WPP’s and Kantar Millward Brown’s launch of the first BrandZ Top 30 Most Valuable South African Brands report at the Johannesburg Stock Exchange was a lively and thought-provoking event.
One quite simple, quite beautiful and profoundly persuasive chart has stuck in my mind; it compared the value performance of the BrandZ Global Top 100 Strong Brands Portfolio with those of the S&P (Standard & Poor’s) 500 and the MSCI (Morgan Stanley Capital International) Index over a 12-year period. Over this time, the value of the S&P, 500 increased 102% but the BrandZ brands, those with the strongest brand equity, increased by 172.1%!
Moreover, the performances of these strong brands were less affected by the 2008 financial crisis and recovered a good two and a half years earlier than the other brands. The chart was a remarkable demonstration that strong brands generate significantly superior shareholder returns.
In a salutary reminder of how turbulent the last decade has been, Doreen Wang, global head of BrandZ at Kantar Millward Brown, pointed out that 48 of the Top 100 brands have been displaced in the past 10 years. Farewell Blackberry and Nokia; hello Uber and Instagram. Fortunately, Wang was able to dispense sage advice as to how to build strong global brands.

The first of five key drivers she highlighted was ‘brand purpose’. Now this purpose clearly is more than simply delivering profit, but it need not be earth-shatteringly revolutionary. Adding value by making consumers’ lives better or easier is a good enough purpose for any brand. Of course, being able to successfully anticipate and fulfil consumers’ needs and wants, requires a commitment to being fully consumer-centric. The rewards are impressive: such brands have shown 175% growth over the past 12 years. It is true that some examples of such brands e.g. Airbnb, PayPal and Amazon, have also been true disruptors.
The second driver Wang pointed out was that brands perceived to be highly innovative are likely to enjoy a stronger growth trajectory: a remarkable seven times those in the lower two thirds. Importantly, it is crucial that consumers recognise, appreciate and endorse this innovation. Perhaps it is unsurprising that innovative brands actually invest more in advertising than their less visionary counterparts; if there is a worthwhile story, then it makes sense to tell it.
Indeed, Wang highlighted stated that that strong communication gives brands a distinct advantage. This was doubtless music to my agency colleagues’ ears. Strong communication extends beyond traditional advertising; great consumer insight, creativity and covering off the relevant consumer touchpoints are important components.
In this digital and data rich era, Wang pointed out the role for targeted personalised ads with specific purposes. Once again, the numbers were impressive, brands which enjoyed both meaningful differentiation and strong communication, benefitted from significantly accelerated brand growth: 187%, double that of differentiated brands with weak communication.
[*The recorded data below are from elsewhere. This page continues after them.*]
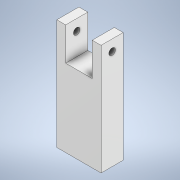
# Autodesk Inventor part: アーム支え
Saved by Autodesk Inventor 2021 (Build 250183000, 183)
## iProperties
Created: 2021-10-07
Part Number: アーム支え
Material: 一般
Document SubType Name: Modeling
Designer: ryusei
Density: 1 g/cm^3
Appearance: 滑らか - 白
Author: ryusei
Autodesk Inventor part; units mm, degrees
ref_plane "YZ Plane" through (0, 0, 0) normal (1, 0, 0) x (0, 1, 0)
ref_plane "XZ Plane" through (0, 0, 0) normal (0, 1, 0) x (-1, 0, 0)
ref_plane "XY Plane" through (0, 0, 0) normal (0, 0, 1) x (1, 0, 0)
sketch "スケッチ1" plane through (0, 0, 0) normal (0, 0, 1) x (1, 0, 0)
  line L0 (0, 0) -> (20, 0)
  line L1 (20, 0) -> (20, 50)
  line L2 (20, 50) -> (0, 50)
  line L3 (0, 50) -> (0, 0)
  dimension "d0" = 20
  dimension "d1" = 50
  constraints: 8 end point, 2 parallel, 1 horizontal, 1 perpendicular
  measures "d0" distance between parallel lines of L1 L3
  measures "d1" distance between parallel lines of L0 L2
extrude "押し出し1" add sketch "スケッチ1" along normal blind 10
sketch "スケッチ2" plane through (0, 0, 10) normal (0, 0, 1) x (1, 0, 0)
  line L0 (20, 50) -> (0, 50) projected
  line L1 (4, 50) -> (16, 50)
  line L2 (16, 50) -> (16, 40)
  line L3 (16, 40) -> (4, 40)
  line L4 (4, 40) -> (4, 50)
  line L5 (0, 50) -> (0, 0) projected
  dimension "d4" = 12
  dimension "d5" = 4
  dimension "d6" = 10
  constraints: 8 end point, 2 parallel, 1 horizontal, 1 perpendicular, 1 point on line
  measures "d4" distance between parallel lines of L2 L4
  measures "d5" distance between parallel lines of L5 L4
  measures "d6" distance between parallel lines of L3 L0
extrude "押し出し2" cut sketch "スケッチ2" against normal blind 10
sketch "スケッチ3" plane through (20, 0, 0) normal (1, 0, 0) x (0, 0, -1)
  line L0 (0, 50) -> (-10, 50) projected
  line L1 (0, 0) -> (0, 50) projected
  point P0 (-5, 45)
  dimension "d9" = 5
  dimension "d10" = 5
  measures "d9" distance from line of L0 point (-5, 45)
  measures "d10" distance from line of L1 point (-5, 45)
hole "穴1" at (20, 45, 5) direction (-1, 0, 0) diameter 3 end through all
sketch "スケッチ4" plane through (0, 0, 0) normal (0, -1, 0) x (1, 0, 0)
  line L0 (0, 0) -> (0, 10) projected
  line L1 (0, 10) -> (20, 10) projected
  line L2 (0, 0) -> (20, 0) projected
  line L3 (20, 0) -> (20, 10) projected
  point P0 (5, 5)
  point P1 (15, 5)
  dimension "d18" = 5
  dimension "d19" = 5
  dimension "d20" = 5
  dimension "d21" = 5
  measures "d18" distance from line of L0 point (5, 5)
  measures "d19" distance from line of L1 point (5, 5)
  measures "d20" distance from line of L2 point (15, 5)
  measures "d21" distance from line of L3 point (15, 5)
hole "穴2" at (5, 0, 5) at (15, 0, 5) direction (0, 1, 0) diameter 2.459 depth 25 tip angle 118 thread size "M3x0.5" class "6H" standard "ISO Metric profile"
sketch "スケッチ5" plane through (0, 0, 10) normal (0, 0, 1) x (1, 0, 0)
  line L0 (4, 40) -> (16, 40) projected
  line L1 (4, 40) -> (16, 40)
  line L2 (16, 40) -> (16, 35)
  line L3 (16, 35) -> (4, 35)
  line L4 (4, 35) -> (4, 40)
  point P0 (0, 0)
  dimension "d29" = 5
  constraints: 8 end point, 2 parallel, 1 horizontal, 1 perpendicular
  measures "d29" distance between parallel lines of L3 L0
extrude "押し出し3" cut sketch "スケッチ5" against normal blind 10
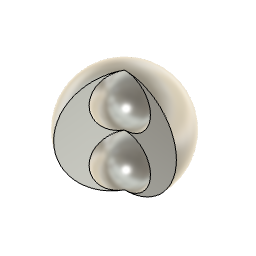
The2BallsHolder (Autodesk Fusion 360 design; units mm, degrees)
Autodesk Fusion 360 part; units mm, degrees
note: some values were not read from the file. Set by a fixed rule: which sketch regions a step uses.
sketch "Sketch1" plane through (0, 0, 0) normal (0, 1, 0) x (1, 0, 0)
  circle A0 centre (0, 0) radius 38.1
  line L0 (-38.1, 0) -> (44.45, 0)
  circle A1 centre (0, -19.05) radius 19.05
  circle A2 centre (0, 19.05) radius 19.05
  constraint coincident A0.centre origin
  constraint coincident A0 L0.start
  constraint horizontal L0
  constraint coincident A0.centre A1
  constraint tangent L0 A1
  constraint coincident A0.centre A2
  constraint tangent A1 A2
revolve "Revolve1" add sketch "Sketch1" angle 240 about axis through (0, 0, 1.75) along (0, 0, 1) contours A0 L0 A2 | A0 L0 A1 picked at (30.6127, 4.7243) picked at (30.6127, -4.7243)

As brand engagement and transaction are beginning to merge, it is little surprise that brand experience across the entire brand ecosystem plays an important role in cementing consumer relationships. Clearly Amazon excels at this, and it has been fundamental in Alibaba’s success; personally, I rate Apple as a maestro here.
The fifth driver Wang referred to was ‘love’, which she described as being a trigger for preference. It is not enough for successful brand to simply fulfil functional needs, they need to touch consumers’ emotions. The act of choosing a brand has an intangible and subjective element: that it should be pleasurable, or, at least, agreeable.
She pointed out that ‘brand love’ is an important cushion. It is difficult to sustain constant innovation; positive emotions help consumers to sustain their loyalty during innovation troughs. Again, Wang put numbers to this more abstract aspect: over the past 12 years brand in the high ‘love’ sector have enjoyed value growth of 191%, compared with their low ‘love’ counterpart’s growth of a mere 32%.
The final slide delivered a particularly heartening message that technology-enabled human-centric brands will win. Human insight remains as important as AI and algorithms.
Having spent some decades working in the media agencies, Britta Reid now relishes the opportunity to take an independent perspective on the South African media world, especially during this time of radical research transformation.